He was stumped on a case.
A case he refused to talk to you about. No, he could only converse with his beloved violin about it. However, that’s not how you see it. No.
Your perception? He decided to play instead of paying attention to you. Being the brat that you are, you are determined to make him regard your presence.
You don your tightest bodice and skirt, the deep sapphire one that Sherlock purchased for you as a gift when he asked you to move into Baker Street. He specifically had it tailored to your measurements, showing off your ample bosom and child-bearing hips.
You make your way from your shared bedroom into the drawing room where Sherlock is playing. His violin is tucked between his chin and shoulder. His left hand bows at a speed that makes the messy curls on his head dance along to the music. His right hand holds the violin at the neck so delicately, it’s almost loving.
You step around several stacks of papers, narrowly missing a tower of books. You remind yourself to have that talk again with Sherlock about the difference between organization and chaos.
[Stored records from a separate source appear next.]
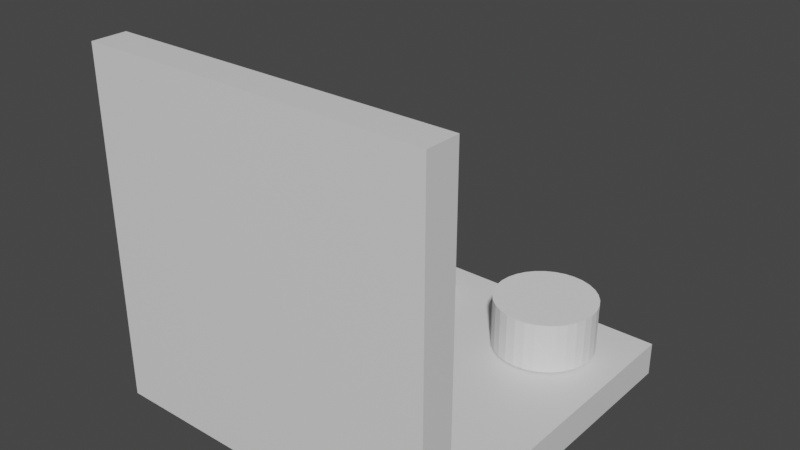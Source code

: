 # Source: seat.blend  (saved by Blender 2.92.15; exported with 4.5.12 LTS)
import bpy
from mathutils import Matrix  # noqa: F401  (used for matrix-valued properties, if any)

bpy.ops.wm.read_factory_settings(use_empty=True)
scene = bpy.context.scene
scene.name = 'Scene'

# ---- collections
col_collection = bpy.data.collections.new('Collection'); scene.collection.children.link(col_collection)

# ---- materials (node trees are filled in below, after node groups)
mat_material = bpy.data.materials.new('Material')
mat_material.alpha_threshold = 0.0
mat_material.use_transparent_shadow = False
mat_material.line_color = (0.0, 0.0, 0.0, 1.0)

# ---- material node trees
mat_material.use_nodes = True; mat_material.node_tree.nodes.clear()
_N = mat_material.node_tree.nodes; _L = mat_material.node_tree.links
n0 = _N.new('ShaderNodeOutputMaterial'); n0.name = 'Material Output'; n0.location = (300, 300)
n1 = _N.new('ShaderNodeBsdfPrincipled'); n1.name = 'Principled BSDF'; n1.location = (10, 300)
n1.distribution = 'GGX'
n1.subsurface_method = 'BURLEY'
n1.inputs[2].default_value = 0.4
n1.inputs[3].default_value = 1.45
n1.inputs[27].default_value = (0.0, 0.0, 0.0, 1.0)
n1.inputs[28].default_value = 1.0
_L.new(n1.outputs[0], n0.inputs[0])
n0.is_active_output = True

# ---- world
world_world = bpy.data.worlds.new('World'); scene.world = world_world
world_world.use_nodes = True; world_world.node_tree.nodes.clear()
_N = world_world.node_tree.nodes; _L = world_world.node_tree.links
n0 = _N.new('ShaderNodeOutputWorld'); n0.name = 'World Output'; n0.location = (300, 300)
n1 = _N.new('ShaderNodeBackground'); n1.name = 'Background'; n1.location = (10, 300)
n1.inputs[0].default_value = (0.05088, 0.05088, 0.05088, 1.0)
_L.new(n1.outputs[0], n0.inputs[0])
n0.is_active_output = True
world_world.color = (0.05088, 0.05088, 0.05088)
world_world.use_sun_shadow = False
world_world.sun_shadow_jitter_overblur = 0.0

# ---- meshes
me_cube = bpy.data.meshes.new('Cube')
me_cube.from_pydata([(0.25, 0.25, 0.025), (0.25, 0.25, -0.025), (0.25, -0.25, 0.025), (0.25, -0.25, -0.025), (-0.25, 0.25, 0.025), (-0.25, 0.25, -0.025), (-0.25, -0.25, 0.025), (-0.25, -0.25, -0.025), (-0.25, 0.0, -0.025), (0.0, 0.25, -0.025), (0.25, 0.25, 0.0), (-0.25, -0.25, 0.0), (0.25, -0.25, 0.0), (-0.25, 0.25, 0.0), (0.0, -0.25, 0.025), (0.25, 0.0, 0.025), (0.0, -0.25, -0.025), (-0.25, 0.0, 0.025), (0.0, 0.25, 0.025), (0.25, 0.0, -0.025), (0.0, -9.313e-10, 0.025), (-9.313e-10, -0.25, 0.0), (-0.25, -7.451e-09, 7.451e-10), (0.0, -9.313e-10, -0.025), (0.25, -9.313e-10, 0.0), (9.313e-10, 0.25, 0.0)], [], [(0, 18, 20, 15), (18, 4, 17, 20), (20, 17, 6, 14), (15, 20, 14, 2), (3, 12, 21, 16), (12, 2, 14, 21), (21, 14, 6, 11), (16, 21, 11, 7), (7, 11, 22, 8), (11, 6, 17, 22), (22, 17, 4, 13), (8, 22, 13, 5), (5, 9, 23, 8), (9, 1, 19, 23), (23, 19, 3, 16), (8, 23, 16, 7), (1, 10, 24, 19), (10, 0, 15, 24), (24, 15, 2, 12), (19, 24, 12, 3), (5, 13, 25, 9), (13, 4, 18, 25), (25, 18, 0, 10), (9, 25, 10, 1)])
_uv = me_cube.uv_layers.new(name='UVMap')
_uv.uv.foreach_set('vector', [0.625, 0.5, 0.75, 0.5, 0.75, 0.625, 0.625, 0.625, 0.75, 0.5, 0.875, 0.5, 0.875, 0.625, 0.75, 0.625, 0.75, 0.625, 0.875, 0.625, 0.875, 0.75, 0.75, 0.75, 0.625, 0.625, 0.75, 0.625, 0.75, 0.75, 0.625, 0.75, 0.375, 0.75, 0.5, 0.75, 0.5, 0.875, 0.375, 0.875, 0.5, 0.75, 0.625, 0.75, 0.625, 0.875, 0.5, 0.875, 0.5, 0.875, 0.625, 0.875, 0.625, 1.0, 0.5, 1.0, 0.375, 0.875, 0.5, 0.875, 0.5, 1.0, 0.375, 1.0, 0.375, 0.0, 0.5, 0.0, 0.5, 0.125, 0.375, 0.125, 0.5, 0.0, 0.625, 0.0, 0.625, 0.125, 0.5, 0.125, 0.5, 0.125, 0.625, 0.125, 0.625, 0.25, 0.5, 0.25, 0.375, 0.125, 0.5, 0.125, 0.5, 0.25, 0.375, 0.25, 0.125, 0.5, 0.25, 0.5, 0.25, 0.625, 0.125, 0.625, 0.25, 0.5, 0.375, 0.5, 0.375, 0.625, 0.25, 0.625, 0.25, 0.625, 0.375, 0.625, 0.375, 0.75, 0.25, 0.75, 0.125, 0.625, 0.25, 0.625, 0.25, 0.75, 0.125, 0.75, 0.375, 0.5, 0.5, 0.5, 0.5, 0.625, 0.375, 0.625, 0.5, 0.5, 0.625, 0.5, 0.625, 0.625, 0.5, 0.625, 0.5, 0.625, 0.625, 0.625, 0.625, 0.75, 0.5, 0.75, 0.375, 0.625, 0.5, 0.625, 0.5, 0.75, 0.375, 0.75, 0.375, 0.25, 0.5, 0.25, 0.5, 0.375, 0.375, 0.375, 0.5, 0.25, 0.625, 0.25, 0.625, 0.375, 0.5, 0.375, 0.5, 0.375, 0.625, 0.375, 0.625, 0.5, 0.5, 0.5, 0.375, 0.375, 0.5, 0.375, 0.5, 0.5, 0.375, 0.5])
me_cube.materials.append(mat_material)
me_cube.use_remesh_preserve_volume = False
me_cube.use_remesh_preserve_attributes = False
me_cube.use_mirror_vertex_groups = False
me_cube.update()
me_cube_001 = bpy.data.meshes.new('Cube.001')
me_cube_001.from_pydata([(-0.25, 0.025, -0.25), (-0.25, -0.025, -0.25), (0.25, 0.025, -0.25), (0.25, -0.025, -0.25), (-0.25, 0.025, 0.25), (-0.25, -0.025, 0.25), (0.25, 0.025, 0.25), (0.25, -0.025, 0.25)], [], [(0, 4, 6, 2), (3, 2, 6, 7), (7, 6, 4, 5), (5, 1, 3, 7), (1, 0, 2, 3), (5, 4, 0, 1)])
_uv = me_cube_001.uv_layers.new(name='UVMap')
_uv.uv.foreach_set('vector', [0.625, 0.5, 0.875, 0.5, 0.875, 0.75, 0.625, 0.75, 0.375, 0.75, 0.625, 0.75, 0.625, 1.0, 0.375, 1.0, 0.375, 0.0, 0.625, 0.0, 0.625, 0.25, 0.375, 0.25, 0.125, 0.5, 0.375, 0.5, 0.375, 0.75, 0.125, 0.75, 0.375, 0.5, 0.625, 0.5, 0.625, 0.75, 0.375, 0.75, 0.375, 0.25, 0.625, 0.25, 0.625, 0.5, 0.375, 0.5])
me_cube_001.materials.append(mat_material)
me_cube_001.use_remesh_preserve_volume = False
me_cube_001.use_remesh_preserve_attributes = False
me_cube_001.use_mirror_vertex_groups = False
me_cube_001.update()
me_cylinder = bpy.data.meshes.new('Cylinder')
me_cylinder.from_pydata([(0.0, 0.075, -0.0375), (0.0, 0.075, 0.0375), (0.01463, 0.07356, -0.0375), (0.01463, 0.07356, 0.0375), (0.0287, 0.06929, -0.0375), (0.0287, 0.06929, 0.0375), (0.04167, 0.06236, -0.0375), (0.04167, 0.06236, 0.0375), (0.05303, 0.05303, -0.0375), (0.05303, 0.05303, 0.0375), (0.06236, 0.04167, -0.0375), (0.06236, 0.04167, 0.0375), (0.06929, 0.0287, -0.0375), (0.06929, 0.0287, 0.0375), (0.07356, 0.01463, -0.0375), (0.07356, 0.01463, 0.0375), (0.075, 5.662e-09, -0.0375), (0.075, 5.662e-09, 0.0375), (0.07356, -0.01463, -0.0375), (0.07356, -0.01463, 0.0375), (0.06929, -0.0287, -0.0375), (0.06929, -0.0287, 0.0375), (0.06236, -0.04167, -0.0375), (0.06236, -0.04167, 0.0375), (0.05303, -0.05303, -0.0375), (0.05303, -0.05303, 0.0375), (0.04167, -0.06236, -0.0375), (0.04167, -0.06236, 0.0375), (0.0287, -0.06929, -0.0375), (0.0287, -0.06929, 0.0375), (0.01463, -0.07356, -0.0375), (0.01463, -0.07356, 0.0375), (-2.444e-08, -0.075, -0.0375), (-2.444e-08, -0.075, 0.0375), (-0.01463, -0.07356, -0.0375), (-0.01463, -0.07356, 0.0375), (-0.0287, -0.06929, -0.0375), (-0.0287, -0.06929, 0.0375), (-0.04167, -0.06236, -0.0375), (-0.04167, -0.06236, 0.0375), (-0.05303, -0.05303, -0.0375), (-0.05303, -0.05303, 0.0375), (-0.06236, -0.04167, -0.0375), (-0.06236, -0.04167, 0.0375), (-0.06929, -0.0287, -0.0375), (-0.06929, -0.0287, 0.0375), (-0.07356, -0.01463, -0.0375), (-0.07356, -0.01463, 0.0375), (-0.075, 7.242e-08, -0.0375), (-0.075, 7.242e-08, 0.0375), (-0.07356, 0.01463, -0.0375), (-0.07356, 0.01463, 0.0375), (-0.06929, 0.0287, -0.0375), (-0.06929, 0.0287, 0.0375), (-0.06236, 0.04167, -0.0375), (-0.06236, 0.04167, 0.0375), (-0.05303, 0.05303, -0.0375), (-0.05303, 0.05303, 0.0375), (-0.04167, 0.06236, -0.0375), (-0.04167, 0.06236, 0.0375), (-0.0287, 0.06929, -0.0375), (-0.0287, 0.06929, 0.0375), (-0.01463, 0.07356, -0.0375), (-0.01463, 0.07356, 0.0375)], [], [(0, 1, 3, 2), (2, 3, 5, 4), (4, 5, 7, 6), (6, 7, 9, 8), (8, 9, 11, 10), (10, 11, 13, 12), (12, 13, 15, 14), (14, 15, 17, 16), (16, 17, 19, 18), (18, 19, 21, 20), (20, 21, 23, 22), (22, 23, 25, 24), (24, 25, 27, 26), (26, 27, 29, 28), (28, 29, 31, 30), (30, 31, 33, 32), (32, 33, 35, 34), (34, 35, 37, 36), (36, 37, 39, 38), (38, 39, 41, 40), (40, 41, 43, 42), (42, 43, 45, 44), (44, 45, 47, 46), (46, 47, 49, 48), (48, 49, 51, 50), (50, 51, 53, 52), (52, 53, 55, 54), (54, 55, 57, 56), (56, 57, 59, 58), (58, 59, 61, 60), (3, 1, 63, 61, 59, 57, 55, 53, 51, 49, 47, 45, 43, 41, 39, 37, 35, 33, 31, 29, 27, 25, 23, 21, 19, 17, 15, 13, 11, 9, 7, 5), (60, 61, 63, 62), (62, 63, 1, 0), (0, 2, 4, 6, 8, 10, 12, 14, 16, 18, 20, 22, 24, 26, 28, 30, 32, 34, 36, 38, 40, 42, 44, 46, 48, 50, 52, 54, 56, 58, 60, 62)])
_uv = me_cylinder.uv_layers.new(name='UVMap')
_uv.uv.foreach_set('vector', [1.0, 0.5, 1.0, 1.0, 0.9688, 1.0, 0.9688, 0.5, 0.9688, 0.5, 0.9688, 1.0, 0.9375, 1.0, 0.9375, 0.5, 0.9375, 0.5, 0.9375, 1.0, 0.9062, 1.0, 0.9062, 0.5, 0.9062, 0.5, 0.9062, 1.0, 0.875, 1.0, 0.875, 0.5, 0.875, 0.5, 0.875, 1.0, 0.8438, 1.0, 0.8438, 0.5, 0.8438, 0.5, 0.8438, 1.0, 0.8125, 1.0, 0.8125, 0.5, 0.8125, 0.5, 0.8125, 1.0, 0.7812, 1.0, 0.7812, 0.5, 0.7812, 0.5, 0.7812, 1.0, 0.75, 1.0, 0.75, 0.5, 0.75, 0.5, 0.75, 1.0, 0.7188, 1.0, 0.7188, 0.5, 0.7188, 0.5, 0.7188, 1.0, 0.6875, 1.0, 0.6875, 0.5, 0.6875, 0.5, 0.6875, 1.0, 0.6562, 1.0, 0.6562, 0.5, 0.6562, 0.5, 0.6562, 1.0, 0.625, 1.0, 0.625, 0.5, 0.625, 0.5, 0.625, 1.0, 0.5938, 1.0, 0.5938, 0.5, 0.5938, 0.5, 0.5938, 1.0, 0.5625, 1.0, 0.5625, 0.5, 0.5625, 0.5, 0.5625, 1.0, 0.5312, 1.0, 0.5312, 0.5, 0.5312, 0.5, 0.5312, 1.0, 0.5, 1.0, 0.5, 0.5, 0.5, 0.5, 0.5, 1.0, 0.4688, 1.0, 0.4688, 0.5, 0.4688, 0.5, 0.4688, 1.0, 0.4375, 1.0, 0.4375, 0.5, 0.4375, 0.5, 0.4375, 1.0, 0.4062, 1.0, 0.4062, 0.5, 0.4062, 0.5, 0.4062, 1.0, 0.375, 1.0, 0.375, 0.5, 0.375, 0.5, 0.375, 1.0, 0.3438, 1.0, 0.3438, 0.5, 0.3438, 0.5, 0.3438, 1.0, 0.3125, 1.0, 0.3125, 0.5, 0.3125, 0.5, 0.3125, 1.0, 0.2812, 1.0, 0.2812, 0.5, 0.2812, 0.5, 0.2812, 1.0, 0.25, 1.0, 0.25, 0.5, 0.25, 0.5, 0.25, 1.0, 0.2188, 1.0, 0.2188, 0.5, 0.2188, 0.5, 0.2188, 1.0, 0.1875, 1.0, 0.1875, 0.5, 0.1875, 0.5, 0.1875, 1.0, 0.1562, 1.0, 0.1562, 0.5, 0.1562, 0.5, 0.1562, 1.0, 0.125, 1.0, 0.125, 0.5, 0.125, 0.5, 0.125, 1.0, 0.09375, 1.0, 0.09375, 0.5, 0.09375, 0.5, 0.09375, 1.0, 0.0625, 1.0, 0.0625, 0.5, 0.2968, 0.4854, 0.25, 0.49, 0.2032, 0.4854, 0.1582, 0.4717, 0.1167, 0.4496, 0.08029, 0.4197, 0.05045, 0.3833, 0.02827, 0.3418, 0.01461, 0.2968, 0.01, 0.25, 0.01461, 0.2032, 0.02827, 0.1582, 0.05045, 0.1167, 0.08029, 0.08029, 0.1167, 0.05045, 0.1582, 0.02827, 0.2032, 0.01461, 0.25, 0.01, 0.2968, 0.01461, 0.3418, 0.02827, 0.3833, 0.05045, 0.4197, 0.08029, 0.4496, 0.1167, 0.4717, 0.1582, 0.4854, 0.2032, 0.49, 0.25, 0.4854, 0.2968, 0.4717, 0.3418, 0.4496, 0.3833, 0.4197, 0.4197, 0.3833, 0.4496, 0.3418, 0.4717, 0.0625, 0.5, 0.0625, 1.0, 0.03125, 1.0, 0.03125, 0.5, 0.03125, 0.5, 0.03125, 1.0, 0.0, 1.0, 0.0, 0.5, 0.75, 0.49, 0.7968, 0.4854, 0.8418, 0.4717, 0.8833, 0.4496, 0.9197, 0.4197, 0.9496, 0.3833, 0.9717, 0.3418, 0.9854, 0.2968, 0.99, 0.25, 0.9854, 0.2032, 0.9717, 0.1582, 0.9496, 0.1167, 0.9197, 0.08029, 0.8833, 0.05045, 0.8418, 0.02827, 0.7968, 0.01461, 0.75, 0.01, 0.7032, 0.01461, 0.6582, 0.02827, 0.6167, 0.05045, 0.5803, 0.08029, 0.5504, 0.1167, 0.5283, 0.1582, 0.5146, 0.2032, 0.51, 0.25, 0.5146, 0.2968, 0.5283, 0.3418, 0.5504, 0.3833, 0.5803, 0.4197, 0.6167, 0.4496, 0.6582, 0.4717, 0.7032, 0.4854])
me_cylinder.use_remesh_fix_poles = True
me_cylinder.use_remesh_preserve_attributes = False
me_cylinder.use_mirror_vertex_groups = False
me_cylinder.update()
me_cylinder_001 = bpy.data.meshes.new('Cylinder.001')
me_cylinder_001.from_pydata([(0.0, 0.075, -0.0375), (0.0, 0.075, 0.0375), (0.01463, 0.07356, -0.0375), (0.01463, 0.07356, 0.0375), (0.0287, 0.06929, -0.0375), (0.0287, 0.06929, 0.0375), (0.04167, 0.06236, -0.0375), (0.04167, 0.06236, 0.0375), (0.05303, 0.05303, -0.0375), (0.05303, 0.05303, 0.0375), (0.06236, 0.04167, -0.0375), (0.06236, 0.04167, 0.0375), (0.06929, 0.0287, -0.0375), (0.06929, 0.0287, 0.0375), (0.07356, 0.01463, -0.0375), (0.07356, 0.01463, 0.0375), (0.075, 5.662e-09, -0.0375), (0.075, 5.662e-09, 0.0375), (0.07356, -0.01463, -0.0375), (0.07356, -0.01463, 0.0375), (0.06929, -0.0287, -0.0375), (0.06929, -0.0287, 0.0375), (0.06236, -0.04167, -0.0375), (0.06236, -0.04167, 0.0375), (0.05303, -0.05303, -0.0375), (0.05303, -0.05303, 0.0375), (0.04167, -0.06236, -0.0375), (0.04167, -0.06236, 0.0375), (0.0287, -0.06929, -0.0375), (0.0287, -0.06929, 0.0375), (0.01463, -0.07356, -0.0375), (0.01463, -0.07356, 0.0375), (-2.444e-08, -0.075, -0.0375), (-2.444e-08, -0.075, 0.0375), (-0.01463, -0.07356, -0.0375), (-0.01463, -0.07356, 0.0375), (-0.0287, -0.06929, -0.0375), (-0.0287, -0.06929, 0.0375), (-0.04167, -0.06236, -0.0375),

You finally make it to the chair next to his music stand, his eyes never leaving the sheet music. You make sure to sit down in a way that makes a squeak that Sherlock has commented on many a time. He’s actually shown you how to sit so that said squeak does not occur. You remarked that he could just get rid of the chair, to which he replied that you can sit elsewhere if you’re going to complain.
No reaction.
You seethe, watching as he continues with 24 Caprices. You kick over the music stand and the sheets dance gracefully to the floor.
Nothing.
He simply closes his eyes and plays from memory. He plays it perfectly, of course. Paganini is his favorite composer, after all. He would know it forward and backward.
You were growing impatient, running out of options for how to get this man’s attention. Until it hit you. The idea was just ridiculous enough to work. It would be depravity in polite society, sure. But clever enough to get him to at least acknowledge your presence. And that would be enough.
You get up from the chair and make your way over to the chaise lounge. Arranging a few pillows to rest your head upon, you then lie down and pull your skirt up enough to get to your drawers. You pull them down and toss them out of the way, Sherlock being none the wiser as he continues playing.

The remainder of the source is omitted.